▶ **PROBLEM TO SOLVE**
Report every line below that carries the word "sketch".

(Beginning of DATA EXTRACTS)

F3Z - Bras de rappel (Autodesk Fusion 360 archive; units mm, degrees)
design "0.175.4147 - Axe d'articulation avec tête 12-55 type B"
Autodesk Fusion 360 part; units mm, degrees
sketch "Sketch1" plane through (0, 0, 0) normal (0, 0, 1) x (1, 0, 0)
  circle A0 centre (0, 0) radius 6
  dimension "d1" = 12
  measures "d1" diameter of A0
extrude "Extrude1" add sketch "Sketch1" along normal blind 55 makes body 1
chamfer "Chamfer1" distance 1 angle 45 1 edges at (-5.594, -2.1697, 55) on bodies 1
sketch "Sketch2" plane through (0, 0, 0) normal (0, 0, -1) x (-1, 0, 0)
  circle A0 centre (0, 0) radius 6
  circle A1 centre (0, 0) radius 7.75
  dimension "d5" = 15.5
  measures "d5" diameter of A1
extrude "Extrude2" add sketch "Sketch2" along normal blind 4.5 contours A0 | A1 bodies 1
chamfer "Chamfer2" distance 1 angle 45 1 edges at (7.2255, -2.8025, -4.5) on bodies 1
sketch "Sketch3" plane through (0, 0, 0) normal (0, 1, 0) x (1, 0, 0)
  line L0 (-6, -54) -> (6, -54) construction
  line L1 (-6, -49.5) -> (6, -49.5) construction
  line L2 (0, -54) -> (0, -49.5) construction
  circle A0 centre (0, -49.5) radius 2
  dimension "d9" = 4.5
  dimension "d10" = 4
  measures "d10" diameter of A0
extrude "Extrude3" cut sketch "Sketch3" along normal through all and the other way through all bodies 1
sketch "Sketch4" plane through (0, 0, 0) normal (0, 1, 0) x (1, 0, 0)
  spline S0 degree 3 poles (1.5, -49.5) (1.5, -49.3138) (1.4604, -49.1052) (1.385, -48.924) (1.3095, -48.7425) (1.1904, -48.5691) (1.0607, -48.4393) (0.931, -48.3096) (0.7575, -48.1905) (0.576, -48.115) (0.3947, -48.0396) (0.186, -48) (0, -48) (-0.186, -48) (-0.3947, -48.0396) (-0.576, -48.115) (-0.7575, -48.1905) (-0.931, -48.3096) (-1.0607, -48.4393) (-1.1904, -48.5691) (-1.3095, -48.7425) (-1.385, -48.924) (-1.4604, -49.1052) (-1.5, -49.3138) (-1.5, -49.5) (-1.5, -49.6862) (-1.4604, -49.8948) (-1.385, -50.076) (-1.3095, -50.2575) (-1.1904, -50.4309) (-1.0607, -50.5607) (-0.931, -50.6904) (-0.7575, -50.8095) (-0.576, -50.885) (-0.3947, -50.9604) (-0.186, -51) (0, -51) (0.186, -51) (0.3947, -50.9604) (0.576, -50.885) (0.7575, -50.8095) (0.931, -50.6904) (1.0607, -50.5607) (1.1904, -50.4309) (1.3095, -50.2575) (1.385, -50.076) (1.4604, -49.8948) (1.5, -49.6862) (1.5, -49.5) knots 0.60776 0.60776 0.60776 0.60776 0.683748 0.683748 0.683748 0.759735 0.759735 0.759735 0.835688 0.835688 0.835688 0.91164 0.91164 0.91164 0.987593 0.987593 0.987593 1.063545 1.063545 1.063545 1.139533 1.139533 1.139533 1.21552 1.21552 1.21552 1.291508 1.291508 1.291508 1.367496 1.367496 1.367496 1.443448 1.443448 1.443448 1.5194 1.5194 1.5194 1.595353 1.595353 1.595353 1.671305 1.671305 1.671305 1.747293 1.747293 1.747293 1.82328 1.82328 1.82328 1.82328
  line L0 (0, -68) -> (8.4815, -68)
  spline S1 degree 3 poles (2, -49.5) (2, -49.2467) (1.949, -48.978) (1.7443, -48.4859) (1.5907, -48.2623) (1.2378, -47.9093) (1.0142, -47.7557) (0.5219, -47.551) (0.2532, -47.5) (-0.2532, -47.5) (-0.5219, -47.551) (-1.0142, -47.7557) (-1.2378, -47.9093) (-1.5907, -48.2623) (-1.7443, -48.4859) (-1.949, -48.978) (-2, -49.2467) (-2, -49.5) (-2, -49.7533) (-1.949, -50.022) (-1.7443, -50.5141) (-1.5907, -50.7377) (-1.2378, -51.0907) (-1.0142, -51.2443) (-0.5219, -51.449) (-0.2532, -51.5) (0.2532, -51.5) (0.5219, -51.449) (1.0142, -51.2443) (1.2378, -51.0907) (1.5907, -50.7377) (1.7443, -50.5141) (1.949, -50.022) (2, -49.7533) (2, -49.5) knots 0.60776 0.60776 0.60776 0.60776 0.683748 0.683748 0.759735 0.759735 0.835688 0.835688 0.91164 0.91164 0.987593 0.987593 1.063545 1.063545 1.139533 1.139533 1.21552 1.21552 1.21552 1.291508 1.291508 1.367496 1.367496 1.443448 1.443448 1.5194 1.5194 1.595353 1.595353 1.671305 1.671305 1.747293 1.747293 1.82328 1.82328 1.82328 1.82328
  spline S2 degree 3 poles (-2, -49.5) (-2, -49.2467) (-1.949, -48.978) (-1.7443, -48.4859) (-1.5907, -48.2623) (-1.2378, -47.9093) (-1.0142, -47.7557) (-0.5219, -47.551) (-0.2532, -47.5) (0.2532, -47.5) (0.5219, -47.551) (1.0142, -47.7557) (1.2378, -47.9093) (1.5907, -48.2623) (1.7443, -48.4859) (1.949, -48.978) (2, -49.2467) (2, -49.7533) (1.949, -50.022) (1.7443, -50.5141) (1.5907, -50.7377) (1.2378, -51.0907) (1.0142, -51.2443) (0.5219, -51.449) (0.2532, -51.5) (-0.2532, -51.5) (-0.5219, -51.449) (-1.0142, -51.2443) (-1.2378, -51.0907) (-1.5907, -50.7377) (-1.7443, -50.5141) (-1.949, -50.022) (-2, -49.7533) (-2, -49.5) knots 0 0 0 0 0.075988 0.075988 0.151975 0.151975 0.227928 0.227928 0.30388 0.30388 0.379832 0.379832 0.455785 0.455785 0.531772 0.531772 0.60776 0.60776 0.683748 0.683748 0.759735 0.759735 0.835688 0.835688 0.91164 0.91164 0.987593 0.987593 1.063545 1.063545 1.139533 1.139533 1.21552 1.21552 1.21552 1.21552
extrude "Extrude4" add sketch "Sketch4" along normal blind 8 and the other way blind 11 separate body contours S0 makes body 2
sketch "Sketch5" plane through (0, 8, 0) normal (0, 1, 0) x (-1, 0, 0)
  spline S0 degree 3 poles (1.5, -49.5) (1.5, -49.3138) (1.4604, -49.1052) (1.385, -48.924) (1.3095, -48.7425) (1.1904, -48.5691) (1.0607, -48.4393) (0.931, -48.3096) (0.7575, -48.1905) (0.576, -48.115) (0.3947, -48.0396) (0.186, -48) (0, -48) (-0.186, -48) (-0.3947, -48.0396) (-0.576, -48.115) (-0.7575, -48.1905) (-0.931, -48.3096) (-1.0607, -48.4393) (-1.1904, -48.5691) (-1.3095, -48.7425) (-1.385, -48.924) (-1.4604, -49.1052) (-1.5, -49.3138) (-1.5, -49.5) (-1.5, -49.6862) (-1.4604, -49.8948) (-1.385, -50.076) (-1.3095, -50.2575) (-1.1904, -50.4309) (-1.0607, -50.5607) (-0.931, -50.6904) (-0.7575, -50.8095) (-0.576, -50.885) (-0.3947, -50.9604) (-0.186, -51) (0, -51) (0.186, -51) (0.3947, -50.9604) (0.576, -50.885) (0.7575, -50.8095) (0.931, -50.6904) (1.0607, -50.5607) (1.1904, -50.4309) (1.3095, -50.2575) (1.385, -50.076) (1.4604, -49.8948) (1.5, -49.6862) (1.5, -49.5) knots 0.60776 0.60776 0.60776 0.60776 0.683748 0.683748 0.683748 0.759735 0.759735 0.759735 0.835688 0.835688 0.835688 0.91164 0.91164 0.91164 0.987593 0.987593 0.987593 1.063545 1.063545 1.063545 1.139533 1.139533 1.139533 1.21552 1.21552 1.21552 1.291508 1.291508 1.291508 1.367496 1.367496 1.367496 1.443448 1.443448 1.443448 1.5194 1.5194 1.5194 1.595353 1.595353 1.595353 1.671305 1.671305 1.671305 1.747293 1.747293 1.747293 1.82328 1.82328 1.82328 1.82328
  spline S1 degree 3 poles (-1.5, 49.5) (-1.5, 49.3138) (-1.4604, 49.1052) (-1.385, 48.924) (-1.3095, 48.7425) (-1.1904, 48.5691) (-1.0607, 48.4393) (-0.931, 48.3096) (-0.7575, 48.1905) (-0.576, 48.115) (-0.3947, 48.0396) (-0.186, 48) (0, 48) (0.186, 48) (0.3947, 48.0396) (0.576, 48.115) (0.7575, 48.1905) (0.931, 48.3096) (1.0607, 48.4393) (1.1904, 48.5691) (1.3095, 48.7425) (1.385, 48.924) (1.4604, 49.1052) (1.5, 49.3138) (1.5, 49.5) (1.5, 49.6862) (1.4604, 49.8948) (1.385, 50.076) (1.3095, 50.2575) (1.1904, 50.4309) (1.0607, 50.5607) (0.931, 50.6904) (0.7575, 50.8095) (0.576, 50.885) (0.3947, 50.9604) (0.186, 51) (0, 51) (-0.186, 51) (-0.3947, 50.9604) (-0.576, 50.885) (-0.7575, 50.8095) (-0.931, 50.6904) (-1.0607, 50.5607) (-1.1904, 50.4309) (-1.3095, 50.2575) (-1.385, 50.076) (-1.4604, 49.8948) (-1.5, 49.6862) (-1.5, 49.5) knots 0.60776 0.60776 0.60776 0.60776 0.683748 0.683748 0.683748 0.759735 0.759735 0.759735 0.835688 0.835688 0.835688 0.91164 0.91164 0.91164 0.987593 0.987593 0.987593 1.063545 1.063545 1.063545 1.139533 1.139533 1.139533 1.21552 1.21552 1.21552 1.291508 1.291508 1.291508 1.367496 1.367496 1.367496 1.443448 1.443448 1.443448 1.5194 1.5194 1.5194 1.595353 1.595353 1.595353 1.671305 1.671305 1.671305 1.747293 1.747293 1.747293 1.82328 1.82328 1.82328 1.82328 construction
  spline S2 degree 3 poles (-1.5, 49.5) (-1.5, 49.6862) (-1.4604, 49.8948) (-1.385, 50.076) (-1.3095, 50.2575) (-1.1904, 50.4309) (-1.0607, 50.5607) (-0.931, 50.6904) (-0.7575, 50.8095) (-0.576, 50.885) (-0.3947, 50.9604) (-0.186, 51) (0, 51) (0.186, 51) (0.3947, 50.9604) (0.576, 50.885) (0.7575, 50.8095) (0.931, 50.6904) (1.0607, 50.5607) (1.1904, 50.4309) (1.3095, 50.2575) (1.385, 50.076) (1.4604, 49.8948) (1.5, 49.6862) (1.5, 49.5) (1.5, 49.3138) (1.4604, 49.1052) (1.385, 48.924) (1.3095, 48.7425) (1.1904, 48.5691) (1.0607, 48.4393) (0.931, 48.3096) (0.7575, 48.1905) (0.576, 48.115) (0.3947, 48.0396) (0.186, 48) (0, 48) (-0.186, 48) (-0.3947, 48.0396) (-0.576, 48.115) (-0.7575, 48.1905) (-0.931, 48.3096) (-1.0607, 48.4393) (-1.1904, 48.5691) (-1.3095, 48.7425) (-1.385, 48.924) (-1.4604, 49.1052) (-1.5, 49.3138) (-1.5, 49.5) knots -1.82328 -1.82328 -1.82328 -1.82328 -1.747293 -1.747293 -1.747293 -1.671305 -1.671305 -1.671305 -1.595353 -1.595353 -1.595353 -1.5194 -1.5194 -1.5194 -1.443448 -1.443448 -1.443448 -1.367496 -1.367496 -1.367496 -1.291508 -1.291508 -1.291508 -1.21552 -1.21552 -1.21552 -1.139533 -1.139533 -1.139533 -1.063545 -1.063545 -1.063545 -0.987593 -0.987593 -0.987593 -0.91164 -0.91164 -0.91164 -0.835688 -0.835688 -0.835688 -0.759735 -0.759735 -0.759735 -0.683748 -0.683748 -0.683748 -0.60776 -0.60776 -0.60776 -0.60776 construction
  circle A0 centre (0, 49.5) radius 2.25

(End of DATA EXTRACTS)

▶ **OUTPUT BELOW**
sketch "Sketch1" plane through (0, 0, 0) normal (0, 0, 1) x (1, 0, 0)
extrude "Extrude1" add sketch "Sketch1" along normal blind 55 makes body 1
sketch "Sketch2" plane through (0, 0, 0) normal (0, 0, -1) x (-1, 0, 0)
extrude "Extrude2" add sketch "Sketch2" along normal blind 4.5 contours A0 | A1 bodies 1
sketch "Sketch3" plane through (0, 0, 0) normal (0, 1, 0) x (1, 0, 0)
extrude "Extrude3" cut sketch "Sketch3" along normal through all and the other way through all bodies 1
sketch "Sketch4" plane through (0, 0, 0) normal (0, 1, 0) x (1, 0, 0)
extrude "Extrude4" add sketch "Sketch4" along normal blind 8 and the other way blind 11 separate body contours S0 makes body 2
sketch "Sketch5" plane through (0, 8, 0) normal (0, 1, 0) x (-1, 0, 0)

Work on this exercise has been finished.